**INSTRUCTIONS FOR THE TASK:** Each entry below must come back exactly as written, without its pictures.

**MATERIAL PROVIDED:**
====
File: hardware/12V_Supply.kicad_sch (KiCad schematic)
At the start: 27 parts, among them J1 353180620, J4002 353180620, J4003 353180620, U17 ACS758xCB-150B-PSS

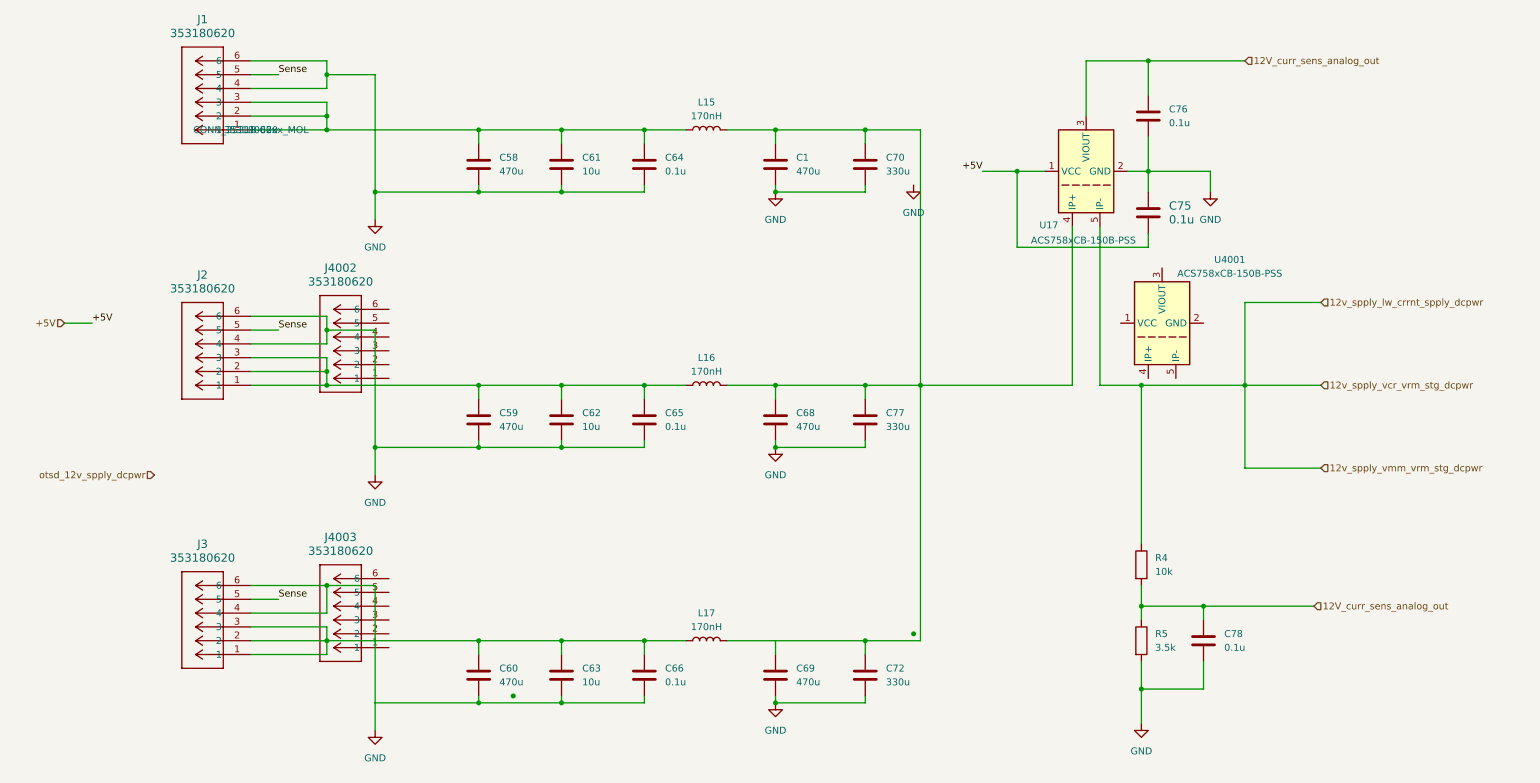
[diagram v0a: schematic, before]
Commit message: fix(schematic): 12V Supply & Low Current Supply
Added proper switching 5V and linear 3.3V ICs.
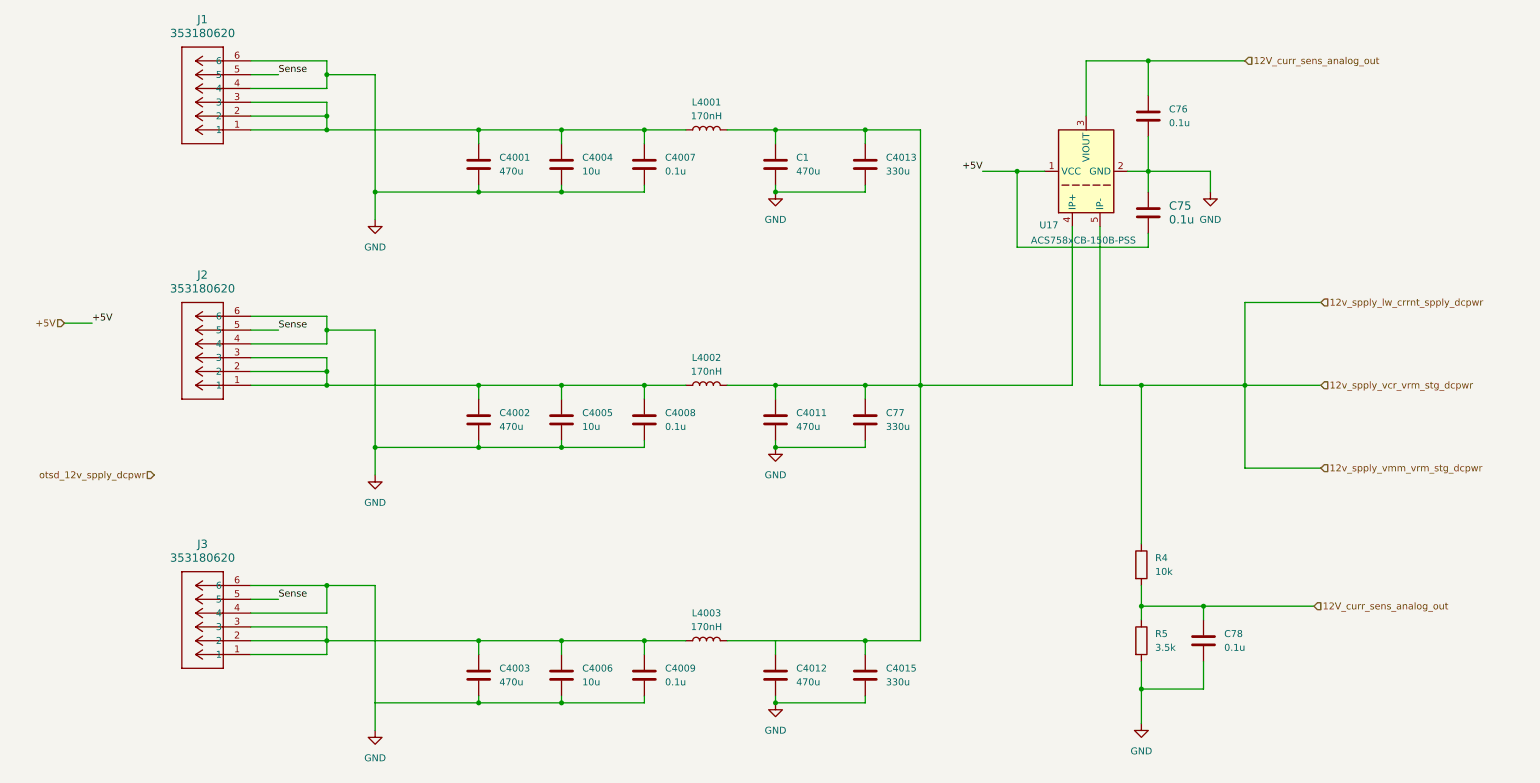
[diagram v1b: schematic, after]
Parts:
- removed J4002, J4003: 353180620, CONN_35318-06xx_MOL, symbol PCIe 2x3 Conn GPU:353180620
- added J2, J3: 353180620, CONN_35318-06xx_MOL, symbol PCIe 2x3 Conn GPU:353180620
- C1, C75, C76, C77, C78: footprint (none) -> Capacitor_SMD:C_0805_2012Metric
- C4001: renamed from C58; footprint (none) -> Capacitor_SMD:C_0805_2012Metric
- C4002: renamed from C59; footprint (none) -> Capacitor_SMD:C_0805_2012Metric
- C4003: renamed from C60; footprint (none) -> Capacitor_SMD:C_0805_2012Metric
- C4004: renamed from C61; footprint (none) -> Capacitor_SMD:C_0805_2012Metric
- C4005: renamed from C62; footprint (none) -> Capacitor_SMD:C_0805_2012Metric
- C4006: renamed from C63; footprint (none) -> Capacitor_SMD:C_0805_2012Metric
- C4007: renamed from C64; footprint (none) -> Capacitor_SMD:C_0805_2012Metric
- C4008: renamed from C65; footprint (none) -> Capacitor_SMD:C_0805_2012Metric
- C4009: renamed from C66; footprint (none) -> Capacitor_SMD:C_0805_2012Metric
- C4011: renamed from C68; footprint (none) -> Capacitor_SMD:C_0805_2012Metric
- C4012: renamed from C69; footprint (none) -> Capacitor_SMD:C_0805_2012Metric
- C4013: renamed from C70; footprint (none) -> Capacitor_SMD:C_0805_2012Metric
- C4015: renamed from C72; footprint (none) -> Capacitor_SMD:C_0805_2012Metric
- renumbered L15 to L4001, L16 to L4002, L17 to L4003
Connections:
- net GND: now also J2.4, J2.6, J3.4, J3.6
- net Sense: now also J2.5, J3.5
- net at C4003.1, C4006.1, C4009.1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: now also J3.1, J3.2, J3.3
- net at C4002.1, C4005.1, C4008.1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: now also J2.1, J2.2, J2.3

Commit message: feat(schematic): 12V and Low Current
Final changes: Added test points and assigned all footprints.
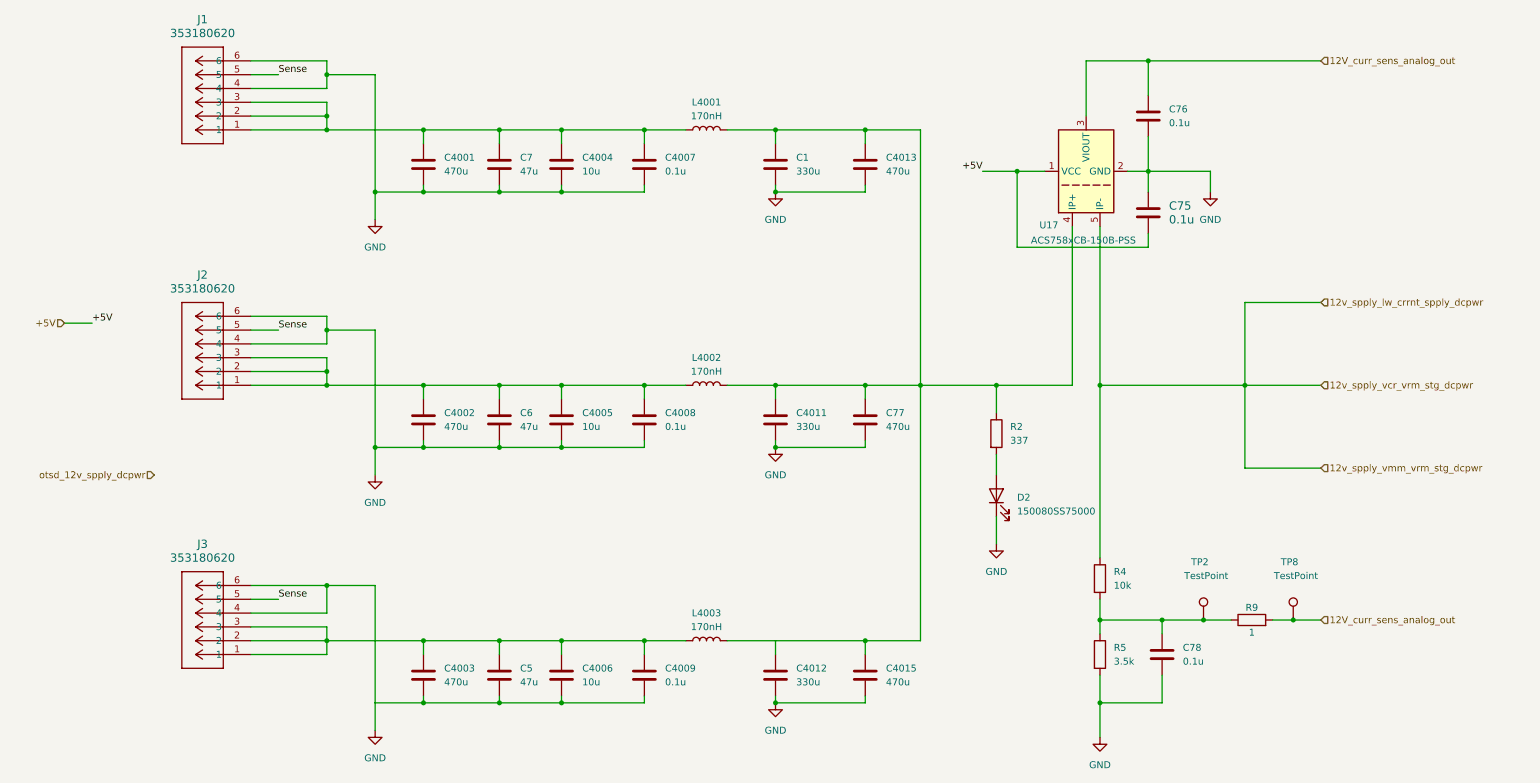
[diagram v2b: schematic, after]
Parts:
- added C5, C6, C7: 47u, Capacitor_SMD:C_0805_2012Metric, symbol Device:C
- added D2: 150080SS75000, LED_SMD:LED_0805_2012Metric_Pad1.15x1.40mm_HandSolder, symbol Device:LED
- added R2: 337, symbol Device:R
- added R9: 1, Resistor_SMD:R_0805_2012Metric, symbol Device:R
- added TP2, TP8: TestPoint, TestPoint:TestPoint_Pad_2.0x2.0mm, symbol Connector:TestPoint
- C1, C4011, C4012: value 470u -> 330u
- C4013, C4015, C77: value 330u -> 470u; footprint Capacitor_SMD:C_0805_2012Metric -> Capacitor_THT:CP_Radial_D8.0mm_P3.50mm
- L4001, L4002: footprint (none) -> 170nH_SMD_Ind:IND_IFLR4031GCERR17M01_VIS-
- L4003: footprint (none) -> 170nH_SMD_Ind:IND_IFLR4031GCERR17M01_VIS-L
- R4, R5: footprint (none) -> Resistor_SMD:R_0805_2012Metric
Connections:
- net 12V_curr_sens_analog_out: now also R9.2, TP8.1; no longer C78.1, R4.2, R5.1
- net GND: now also C5.2, C6.2, C7.2, D2.1 (K)
- net at C1.1, C4011.1, C4012.1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: now also R2.1
- net at C4003.1, C4006.1, C4009.1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: now also C5.1
- net at C4001.1, C4004.1, C4007.1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: now also C7.1
- net at C4002.1, C4005.1, C4008.1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: now also C6.1
- new net: D2.2 (A), R2.2
- new net: C78.1, R4.2, R5.1, R9.1, TP2.1
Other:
- moved on the sheet: C4001, C4002, C4003, C78, R4, R5

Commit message: feat(schematic): 12v supply footprints
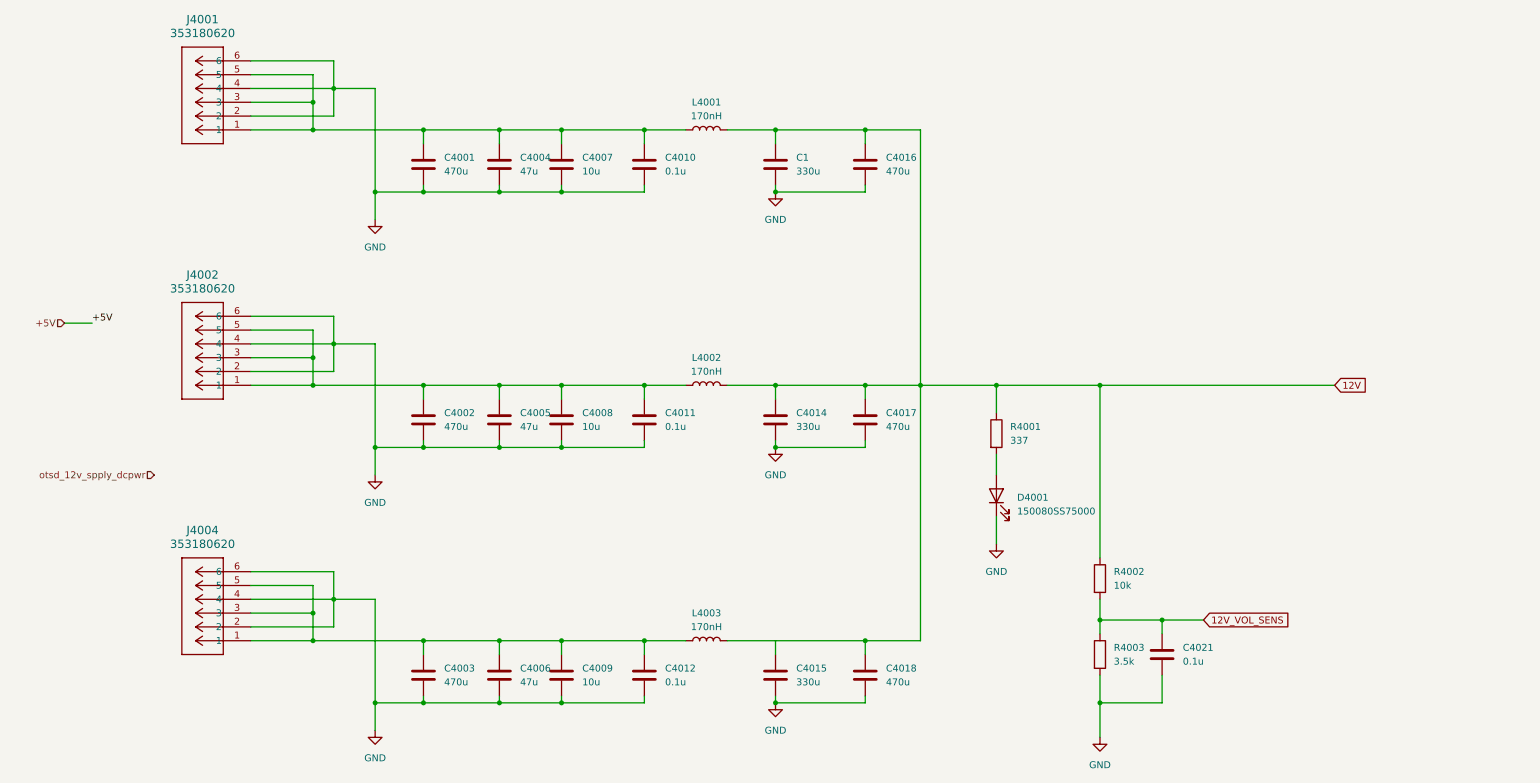
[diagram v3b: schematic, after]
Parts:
- removed C75, C76: 0.1u, Capacitor_SMD:C_0805_2012Metric, symbol Device:C
- removed J1, J3: 353180620, CONN_35318-06xx_MOL, symbol PCIe 2x3 Conn GPU:353180620
- removed R9: 1, Resistor_SMD:R_0805_2012Metric, symbol Device:R
- removed TP2, TP8: TestPoint, TestPoint:TestPoint_Pad_2.0x2.0mm, symbol Connector:TestPoint
- removed U17: ACS758xCB-150B-PSS, Sensor_Current:Allegro_CB_PSS, symbol Sensor_Current:ACS758xCB-150B-PSS
- added J4001, J4004: 353180620, CONN_35318-06xx_MOL, symbol PCIe 2x3 Conn GPU:353180620
- L4001, L4002: footprint 170nH_SMD_Ind:IND_IFLR4031GCERR17M01_VIS- -> 170nH_SMD_Ind:IND_IFLR4031GCERR17M01_VIS-L
- R4001: renamed from R2; footprint (none) -> Resistor_SMD:R_0805_2012Metric
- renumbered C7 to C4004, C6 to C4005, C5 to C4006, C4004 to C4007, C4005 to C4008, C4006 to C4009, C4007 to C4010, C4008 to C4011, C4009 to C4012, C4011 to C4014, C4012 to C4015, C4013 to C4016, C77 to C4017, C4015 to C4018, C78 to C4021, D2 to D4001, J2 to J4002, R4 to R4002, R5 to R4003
====
**RESPONSE AREA:**
File: hardware/12V_Supply.kicad_sch (KiCad schematic)
At the start: 27 parts, among them J1 353180620, J4002 353180620, J4003 353180620, U17 ACS758xCB-150B-PSS

[diagram v0a: schematic, before]
Commit message: fix(schematic): 12V Supply & Low Current Supply
Added proper switching 5V and linear 3.3V ICs.
[diagram v1b: schematic, after]
Parts:
- removed J4002, J4003: 353180620, CONN_35318-06xx_MOL, symbol PCIe 2x3 Conn GPU:353180620
- added J2, J3: 353180620, CONN_35318-06xx_MOL, symbol PCIe 2x3 Conn GPU:353180620
- C1, C75, C76, C77, C78: footprint (none) -> Capacitor_SMD:C_0805_2012Metric
- C4001: renamed from C58; footprint (none) -> Capacitor_SMD:C_0805_2012Metric
- C4002: renamed from C59; footprint (none) -> Capacitor_SMD:C_0805_2012Metric
- C4003: renamed from C60; footprint (none) -> Capacitor_SMD:C_0805_2012Metric
- C4004: renamed from C61; footprint (none) -> Capacitor_SMD:C_0805_2012Metric
- C4005: renamed from C62; footprint (none) -> Capacitor_SMD:C_0805_2012Metric
- C4006: renamed from C63; footprint (none) -> Capacitor_SMD:C_0805_2012Metric
- C4007: renamed from C64; footprint (none) -> Capacitor_SMD:C_0805_2012Metric
- C4008: renamed from C65; footprint (none) -> Capacitor_SMD:C_0805_2012Metric
- C4009: renamed from C66; footprint (none) -> Capacitor_SMD:C_0805_2012Metric
- C4011: renamed from C68; footprint (none) -> Capacitor_SMD:C_0805_2012Metric
- C4012: renamed from C69; footprint (none) -> Capacitor_SMD:C_0805_2012Metric
- C4013: renamed from C70; footprint (none) -> Capacitor_SMD:C_0805_2012Metric
- C4015: renamed from C72; footprint (none) -> Capacitor_SMD:C_0805_2012Metric
- renumbered L15 to L4001, L16 to L4002, L17 to L4003
Connections:
- net GND: now also J2.4, J2.6, J3.4, J3.6
- net Sense: now also J2.5, J3.5
- net at C4003.1, C4006.1, C4009.1: now also J3.1, J3.2, J3.3
- net at C4002.1, C4005.1, C4008.1: now also J2.1, J2.2, J2.3

Commit message: feat(schematic): 12V and Low Current
Final changes: Added test points and assigned all footprints.
[diagram v2b: schematic, after]
Parts:
- added C5, C6, C7: 47u, Capacitor_SMD:C_0805_2012Metric, symbol Device:C
- added D2: 150080SS75000, LED_SMD:LED_0805_2012Metric_Pad1.15x1.40mm_HandSolder, symbol Device:LED
- added R2: 337, symbol Device:R
- added R9: 1, Resistor_SMD:R_0805_2012Metric, symbol Device:R
- added TP2, TP8: TestPoint, TestPoint:TestPoint_Pad_2.0x2.0mm, symbol Connector:TestPoint
- C1, C4011, C4012: value 470u -> 330u
- C4013, C4015, C77: value 330u -> 470u; footprint Capacitor_SMD:C_0805_2012Metric -> Capacitor_THT:CP_Radial_D8.0mm_P3.50mm
- L4001, L4002: footprint (none) -> 170nH_SMD_Ind:IND_IFLR4031GCERR17M01_VIS-
- L4003: footprint (none) -> 170nH_SMD_Ind:IND_IFLR4031GCERR17M01_VIS-L
- R4, R5: footprint (none) -> Resistor_SMD:R_0805_2012Metric
Connections:
- net 12V_curr_sens_analog_out: now also R9.2, TP8.1; no longer C78.1, R4.2, R5.1
- net GND: now also C5.2, C6.2, C7.2, D2.1 (K)
- net at C1.1, C4011.1, C4012.1: now also R2.1
- net at C4003.1, C4006.1, C4009.1: now also C5.1
- net at C4001.1, C4004.1, C4007.1: now also C7.1
- net at C4002.1, C4005.1, C4008.1: now also C6.1
- new net: D2.2 (A), R2.2
- new net: C78.1, R4.2, R5.1, R9.1, TP2.1
Other:
- moved on the sheet: C4001, C4002, C4003, C78, R4, R5

Commit message: feat(schematic): 12v supply footprints
[diagram v3b: schematic, after]
Parts:
- removed C75, C76: 0.1u, Capacitor_SMD:C_0805_2012Metric, symbol Device:C
- removed J1, J3: 353180620, CONN_35318-06xx_MOL, symbol PCIe 2x3 Conn GPU:353180620
- removed R9: 1, Resistor_SMD:R_0805_2012Metric, symbol Device:R
- removed TP2, TP8: TestPoint, TestPoint:TestPoint_Pad_2.0x2.0mm, symbol Connector:TestPoint
- removed U17: ACS758xCB-150B-PSS, Sensor_Current:Allegro_CB_PSS, symbol Sensor_Current:ACS758xCB-150B-PSS
- added J4001, J4004: 353180620, CONN_35318-06xx_MOL, symbol PCIe 2x3 Conn GPU:353180620
- L4001, L4002: footprint 170nH_SMD_Ind:IND_IFLR4031GCERR17M01_VIS- -> 170nH_SMD_Ind:IND_IFLR4031GCERR17M01_VIS-L
- R4001: renamed from R2; footprint (none) -> Resistor_SMD:R_0805_2012Metric
- renumbered C7 to C4004, C6 to C4005, C5 to C4006, C4004 to C4007, C4005 to C4008, C4006 to C4009, C4007 to C4010, C4008 to C4011, C4009 to C4012, C4011 to C4014, C4012 to C4015, C4013 to C4016, C77 to C4017, C4015 to C4018, C78 to C4021, D2 to D4001, J2 to J4002, R4 to R4002, R5 to R4003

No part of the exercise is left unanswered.